An opioid should not be continued if the pain does not respond to opioid treatment.
The patient should be committed to the withdrawal programme.
For gradual opioid withdrawal, consider switching to a long-acting opioid such as buprenorphine or methadone. The doses of these drugs can be reduced gradually over several days or even weeks; opioid withdrawal symptoms in addicts can be protracted and take several months to gradually disappear.
Some withdrawal symptoms may be alleviated by specific pharmacological treatment.
Some formulations of buprenorphine are licensed as substitution treatment for opioid dependence, including treatment of individuals who have not undergone opioid withdrawal. In what circumstances might buprenorphine itself induce withdrawal reactions?
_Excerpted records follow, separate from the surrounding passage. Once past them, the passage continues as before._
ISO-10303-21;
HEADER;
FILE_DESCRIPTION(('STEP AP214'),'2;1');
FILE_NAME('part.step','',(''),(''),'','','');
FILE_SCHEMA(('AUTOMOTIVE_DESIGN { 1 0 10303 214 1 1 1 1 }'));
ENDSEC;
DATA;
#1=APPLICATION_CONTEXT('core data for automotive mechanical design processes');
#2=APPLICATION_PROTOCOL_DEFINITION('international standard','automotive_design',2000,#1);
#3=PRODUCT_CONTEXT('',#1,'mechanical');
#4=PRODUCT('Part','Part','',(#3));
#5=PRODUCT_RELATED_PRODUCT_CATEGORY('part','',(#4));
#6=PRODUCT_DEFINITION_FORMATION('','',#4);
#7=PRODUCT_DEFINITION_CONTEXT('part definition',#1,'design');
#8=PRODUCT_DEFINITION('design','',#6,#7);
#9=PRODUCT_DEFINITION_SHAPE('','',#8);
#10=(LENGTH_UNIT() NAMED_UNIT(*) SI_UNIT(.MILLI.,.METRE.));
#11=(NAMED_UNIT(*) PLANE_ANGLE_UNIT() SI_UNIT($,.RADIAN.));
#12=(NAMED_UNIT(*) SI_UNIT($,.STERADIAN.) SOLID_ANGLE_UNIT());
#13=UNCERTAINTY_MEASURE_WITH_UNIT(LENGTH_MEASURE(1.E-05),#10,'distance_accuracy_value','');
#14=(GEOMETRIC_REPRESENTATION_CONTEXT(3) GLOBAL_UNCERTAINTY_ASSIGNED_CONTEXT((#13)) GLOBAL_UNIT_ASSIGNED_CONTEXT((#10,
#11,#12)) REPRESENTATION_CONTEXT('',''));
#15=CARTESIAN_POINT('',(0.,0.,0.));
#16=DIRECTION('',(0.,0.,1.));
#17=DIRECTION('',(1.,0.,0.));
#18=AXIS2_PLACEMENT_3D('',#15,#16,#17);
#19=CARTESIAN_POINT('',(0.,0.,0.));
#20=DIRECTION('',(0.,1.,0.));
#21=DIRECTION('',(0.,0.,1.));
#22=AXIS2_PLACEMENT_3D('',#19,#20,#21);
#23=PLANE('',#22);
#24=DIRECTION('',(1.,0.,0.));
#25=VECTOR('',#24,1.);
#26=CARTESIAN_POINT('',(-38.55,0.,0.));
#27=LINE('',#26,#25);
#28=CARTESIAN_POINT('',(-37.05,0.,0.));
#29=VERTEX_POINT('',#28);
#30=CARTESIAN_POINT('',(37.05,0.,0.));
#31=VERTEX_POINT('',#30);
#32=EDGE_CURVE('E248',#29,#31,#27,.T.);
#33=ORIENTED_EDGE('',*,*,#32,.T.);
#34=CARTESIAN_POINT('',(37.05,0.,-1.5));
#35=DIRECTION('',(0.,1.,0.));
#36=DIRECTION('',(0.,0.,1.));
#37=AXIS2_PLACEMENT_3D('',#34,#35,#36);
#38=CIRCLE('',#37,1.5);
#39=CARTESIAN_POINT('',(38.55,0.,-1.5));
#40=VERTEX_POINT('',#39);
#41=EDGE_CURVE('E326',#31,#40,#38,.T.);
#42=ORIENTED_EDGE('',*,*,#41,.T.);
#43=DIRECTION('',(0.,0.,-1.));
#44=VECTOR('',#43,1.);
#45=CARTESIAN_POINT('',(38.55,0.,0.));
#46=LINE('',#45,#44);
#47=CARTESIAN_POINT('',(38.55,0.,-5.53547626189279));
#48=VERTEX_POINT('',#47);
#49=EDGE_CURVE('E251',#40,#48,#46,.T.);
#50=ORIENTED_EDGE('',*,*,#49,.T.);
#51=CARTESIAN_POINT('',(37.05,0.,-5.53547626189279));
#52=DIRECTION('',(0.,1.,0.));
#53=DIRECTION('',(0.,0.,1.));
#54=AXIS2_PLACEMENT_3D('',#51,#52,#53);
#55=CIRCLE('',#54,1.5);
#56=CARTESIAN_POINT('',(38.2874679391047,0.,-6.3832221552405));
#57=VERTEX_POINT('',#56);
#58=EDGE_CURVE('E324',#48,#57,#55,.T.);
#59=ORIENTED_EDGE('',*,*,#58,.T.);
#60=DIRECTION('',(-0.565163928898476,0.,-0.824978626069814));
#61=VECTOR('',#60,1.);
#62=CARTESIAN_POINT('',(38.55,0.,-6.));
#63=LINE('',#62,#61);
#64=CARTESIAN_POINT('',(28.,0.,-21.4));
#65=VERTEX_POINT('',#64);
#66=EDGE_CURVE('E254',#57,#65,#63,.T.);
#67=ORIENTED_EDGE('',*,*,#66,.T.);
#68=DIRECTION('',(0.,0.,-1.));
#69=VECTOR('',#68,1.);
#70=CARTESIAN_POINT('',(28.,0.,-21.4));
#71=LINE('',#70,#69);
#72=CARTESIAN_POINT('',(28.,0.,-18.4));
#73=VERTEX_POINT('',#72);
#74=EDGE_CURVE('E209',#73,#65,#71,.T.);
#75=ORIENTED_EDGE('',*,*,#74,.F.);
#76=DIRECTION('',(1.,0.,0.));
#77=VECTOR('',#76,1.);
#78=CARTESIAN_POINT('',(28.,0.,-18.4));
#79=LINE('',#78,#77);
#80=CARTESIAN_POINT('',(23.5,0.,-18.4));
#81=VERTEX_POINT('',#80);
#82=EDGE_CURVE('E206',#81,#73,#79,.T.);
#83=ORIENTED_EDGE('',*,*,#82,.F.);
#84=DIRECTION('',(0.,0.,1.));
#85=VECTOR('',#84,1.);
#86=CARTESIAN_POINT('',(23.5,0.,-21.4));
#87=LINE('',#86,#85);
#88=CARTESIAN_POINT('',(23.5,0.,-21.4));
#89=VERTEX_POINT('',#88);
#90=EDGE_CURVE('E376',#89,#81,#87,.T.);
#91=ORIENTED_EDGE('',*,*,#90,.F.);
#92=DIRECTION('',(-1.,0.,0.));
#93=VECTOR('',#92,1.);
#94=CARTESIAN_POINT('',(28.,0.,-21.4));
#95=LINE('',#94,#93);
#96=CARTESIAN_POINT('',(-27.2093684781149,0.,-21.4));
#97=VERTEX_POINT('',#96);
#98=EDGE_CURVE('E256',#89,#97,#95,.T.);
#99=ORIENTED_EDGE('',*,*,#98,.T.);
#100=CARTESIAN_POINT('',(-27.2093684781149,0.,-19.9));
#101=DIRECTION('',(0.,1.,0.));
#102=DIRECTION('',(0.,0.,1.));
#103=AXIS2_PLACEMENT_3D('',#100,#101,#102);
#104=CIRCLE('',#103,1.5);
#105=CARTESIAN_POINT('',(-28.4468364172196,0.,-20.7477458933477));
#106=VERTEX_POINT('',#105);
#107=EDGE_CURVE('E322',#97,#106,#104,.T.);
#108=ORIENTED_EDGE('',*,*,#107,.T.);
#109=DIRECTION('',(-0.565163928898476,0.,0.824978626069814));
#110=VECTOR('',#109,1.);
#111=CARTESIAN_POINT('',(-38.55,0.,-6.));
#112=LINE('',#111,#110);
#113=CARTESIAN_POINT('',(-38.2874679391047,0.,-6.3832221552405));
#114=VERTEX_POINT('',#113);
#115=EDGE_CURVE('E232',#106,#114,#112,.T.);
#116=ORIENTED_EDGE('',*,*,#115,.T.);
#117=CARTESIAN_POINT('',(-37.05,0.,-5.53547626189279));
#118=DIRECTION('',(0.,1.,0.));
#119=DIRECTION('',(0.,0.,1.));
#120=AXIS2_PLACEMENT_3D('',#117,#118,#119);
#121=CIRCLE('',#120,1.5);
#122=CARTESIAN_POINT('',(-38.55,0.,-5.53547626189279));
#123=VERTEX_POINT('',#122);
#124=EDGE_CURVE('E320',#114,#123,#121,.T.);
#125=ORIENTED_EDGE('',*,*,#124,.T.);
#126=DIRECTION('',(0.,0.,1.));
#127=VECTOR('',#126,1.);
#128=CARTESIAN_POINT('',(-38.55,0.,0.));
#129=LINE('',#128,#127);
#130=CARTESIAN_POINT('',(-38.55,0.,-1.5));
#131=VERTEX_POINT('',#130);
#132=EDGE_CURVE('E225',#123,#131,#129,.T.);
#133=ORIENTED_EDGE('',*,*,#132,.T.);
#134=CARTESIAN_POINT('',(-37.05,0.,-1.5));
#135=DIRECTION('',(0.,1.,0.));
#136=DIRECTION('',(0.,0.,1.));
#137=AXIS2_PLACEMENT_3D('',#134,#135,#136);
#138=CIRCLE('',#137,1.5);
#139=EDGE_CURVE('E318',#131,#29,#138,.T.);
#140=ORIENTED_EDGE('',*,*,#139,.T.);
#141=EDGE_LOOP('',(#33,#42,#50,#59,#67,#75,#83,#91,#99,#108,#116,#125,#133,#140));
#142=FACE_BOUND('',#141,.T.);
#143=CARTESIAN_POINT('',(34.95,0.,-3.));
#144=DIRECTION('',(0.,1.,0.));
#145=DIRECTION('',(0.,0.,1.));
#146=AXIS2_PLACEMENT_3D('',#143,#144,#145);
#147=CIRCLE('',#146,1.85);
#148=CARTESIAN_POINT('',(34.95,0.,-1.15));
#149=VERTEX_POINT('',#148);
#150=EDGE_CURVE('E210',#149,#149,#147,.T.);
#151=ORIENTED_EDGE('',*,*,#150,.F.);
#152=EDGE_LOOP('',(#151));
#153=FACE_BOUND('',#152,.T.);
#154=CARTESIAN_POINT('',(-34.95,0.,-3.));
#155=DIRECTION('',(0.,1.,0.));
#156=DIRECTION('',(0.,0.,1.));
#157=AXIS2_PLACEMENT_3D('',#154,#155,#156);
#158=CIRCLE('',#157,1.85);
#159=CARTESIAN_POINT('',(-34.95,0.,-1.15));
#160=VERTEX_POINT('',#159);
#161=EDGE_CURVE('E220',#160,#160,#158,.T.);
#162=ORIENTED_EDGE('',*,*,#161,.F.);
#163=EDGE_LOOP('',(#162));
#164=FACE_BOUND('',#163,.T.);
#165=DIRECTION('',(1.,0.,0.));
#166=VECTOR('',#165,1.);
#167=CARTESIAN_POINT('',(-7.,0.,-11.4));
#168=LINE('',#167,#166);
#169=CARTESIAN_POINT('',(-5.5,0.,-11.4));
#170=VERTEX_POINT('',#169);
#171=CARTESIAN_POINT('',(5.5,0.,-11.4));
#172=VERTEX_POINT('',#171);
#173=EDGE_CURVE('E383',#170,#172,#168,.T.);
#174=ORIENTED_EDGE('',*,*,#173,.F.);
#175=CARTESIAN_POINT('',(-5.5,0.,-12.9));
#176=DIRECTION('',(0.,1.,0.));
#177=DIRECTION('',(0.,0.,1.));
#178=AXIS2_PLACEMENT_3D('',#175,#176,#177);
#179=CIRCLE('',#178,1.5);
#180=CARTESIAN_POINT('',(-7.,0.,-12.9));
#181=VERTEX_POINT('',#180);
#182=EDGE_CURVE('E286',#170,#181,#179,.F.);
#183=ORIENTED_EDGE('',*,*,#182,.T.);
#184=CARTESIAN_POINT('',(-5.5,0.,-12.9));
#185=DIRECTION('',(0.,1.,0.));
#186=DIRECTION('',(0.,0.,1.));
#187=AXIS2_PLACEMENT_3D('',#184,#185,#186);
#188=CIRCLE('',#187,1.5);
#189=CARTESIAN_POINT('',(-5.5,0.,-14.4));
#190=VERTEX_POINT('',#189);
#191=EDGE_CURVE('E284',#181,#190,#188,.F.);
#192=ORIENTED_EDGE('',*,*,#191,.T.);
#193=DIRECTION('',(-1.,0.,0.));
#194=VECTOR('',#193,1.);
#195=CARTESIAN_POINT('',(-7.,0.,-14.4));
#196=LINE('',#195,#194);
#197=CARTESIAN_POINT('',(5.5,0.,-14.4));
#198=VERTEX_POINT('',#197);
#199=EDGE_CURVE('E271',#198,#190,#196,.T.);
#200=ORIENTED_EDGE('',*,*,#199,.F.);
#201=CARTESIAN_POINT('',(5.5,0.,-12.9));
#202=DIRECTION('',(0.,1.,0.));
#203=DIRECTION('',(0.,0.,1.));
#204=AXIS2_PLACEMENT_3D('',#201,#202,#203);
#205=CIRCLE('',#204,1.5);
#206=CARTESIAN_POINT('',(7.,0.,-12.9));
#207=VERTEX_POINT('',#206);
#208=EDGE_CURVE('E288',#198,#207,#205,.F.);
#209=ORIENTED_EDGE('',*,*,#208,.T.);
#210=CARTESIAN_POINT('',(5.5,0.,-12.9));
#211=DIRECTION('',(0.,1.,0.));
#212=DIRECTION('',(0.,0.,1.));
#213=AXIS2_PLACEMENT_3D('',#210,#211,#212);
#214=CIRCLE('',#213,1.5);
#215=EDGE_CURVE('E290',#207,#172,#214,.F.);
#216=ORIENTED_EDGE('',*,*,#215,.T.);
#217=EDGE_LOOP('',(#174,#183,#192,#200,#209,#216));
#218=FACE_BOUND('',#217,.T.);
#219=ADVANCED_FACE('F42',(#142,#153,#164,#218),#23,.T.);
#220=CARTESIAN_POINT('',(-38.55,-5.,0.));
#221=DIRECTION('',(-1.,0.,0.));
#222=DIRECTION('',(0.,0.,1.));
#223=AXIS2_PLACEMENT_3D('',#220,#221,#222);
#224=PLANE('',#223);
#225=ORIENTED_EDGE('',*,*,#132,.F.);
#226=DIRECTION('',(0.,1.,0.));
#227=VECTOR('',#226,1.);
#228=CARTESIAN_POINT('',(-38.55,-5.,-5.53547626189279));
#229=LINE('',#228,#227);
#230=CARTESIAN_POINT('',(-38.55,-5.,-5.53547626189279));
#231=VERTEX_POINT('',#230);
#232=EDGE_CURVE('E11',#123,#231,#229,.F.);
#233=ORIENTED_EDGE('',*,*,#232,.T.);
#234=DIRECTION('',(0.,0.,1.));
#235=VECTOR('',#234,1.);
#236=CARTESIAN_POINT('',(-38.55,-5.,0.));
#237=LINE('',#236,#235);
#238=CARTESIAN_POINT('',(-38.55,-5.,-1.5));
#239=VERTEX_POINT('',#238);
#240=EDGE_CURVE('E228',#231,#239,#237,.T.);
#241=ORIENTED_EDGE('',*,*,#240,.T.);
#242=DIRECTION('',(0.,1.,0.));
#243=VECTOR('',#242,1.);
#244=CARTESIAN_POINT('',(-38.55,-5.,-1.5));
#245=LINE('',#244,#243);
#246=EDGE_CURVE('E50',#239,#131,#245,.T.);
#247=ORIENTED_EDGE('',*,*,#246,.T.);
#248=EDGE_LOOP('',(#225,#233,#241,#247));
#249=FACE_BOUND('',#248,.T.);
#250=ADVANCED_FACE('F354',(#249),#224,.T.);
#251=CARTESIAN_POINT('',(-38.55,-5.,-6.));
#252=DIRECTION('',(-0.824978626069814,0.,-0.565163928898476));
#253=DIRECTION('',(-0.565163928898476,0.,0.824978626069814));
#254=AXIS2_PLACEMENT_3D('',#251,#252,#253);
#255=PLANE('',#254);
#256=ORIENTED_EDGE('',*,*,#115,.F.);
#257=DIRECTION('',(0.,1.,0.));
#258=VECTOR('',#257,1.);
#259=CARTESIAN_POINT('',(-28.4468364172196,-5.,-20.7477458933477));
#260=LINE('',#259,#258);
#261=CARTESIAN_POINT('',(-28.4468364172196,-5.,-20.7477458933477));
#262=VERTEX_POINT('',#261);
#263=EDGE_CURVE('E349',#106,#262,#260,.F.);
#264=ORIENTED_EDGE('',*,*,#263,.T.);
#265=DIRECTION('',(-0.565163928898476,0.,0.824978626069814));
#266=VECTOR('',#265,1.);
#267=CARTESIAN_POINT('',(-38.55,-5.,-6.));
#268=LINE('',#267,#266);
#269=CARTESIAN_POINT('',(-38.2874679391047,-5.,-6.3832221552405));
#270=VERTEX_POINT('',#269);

Buprenorphine is a mixed opioid agonist–antagonist. It is used as an analgesic as well as maintenance treatment in the management of opioid dependence. However, buprenorphine can provoke withdrawal reactions in those dependent on high doses of opioids. Also, buprenorphine can precipitate a withdrawal reaction in an individual still under the influence of other opioid drugs.
To prevent withdrawal reaction, the initial dose of buprenorphine should coincide with the appearance of withdrawal effects of the opioids that the individual has been taking. In an individual being treated with methadone, buprenorphine should not be started until the methadone dose has stabilised to less than 30 mg daily.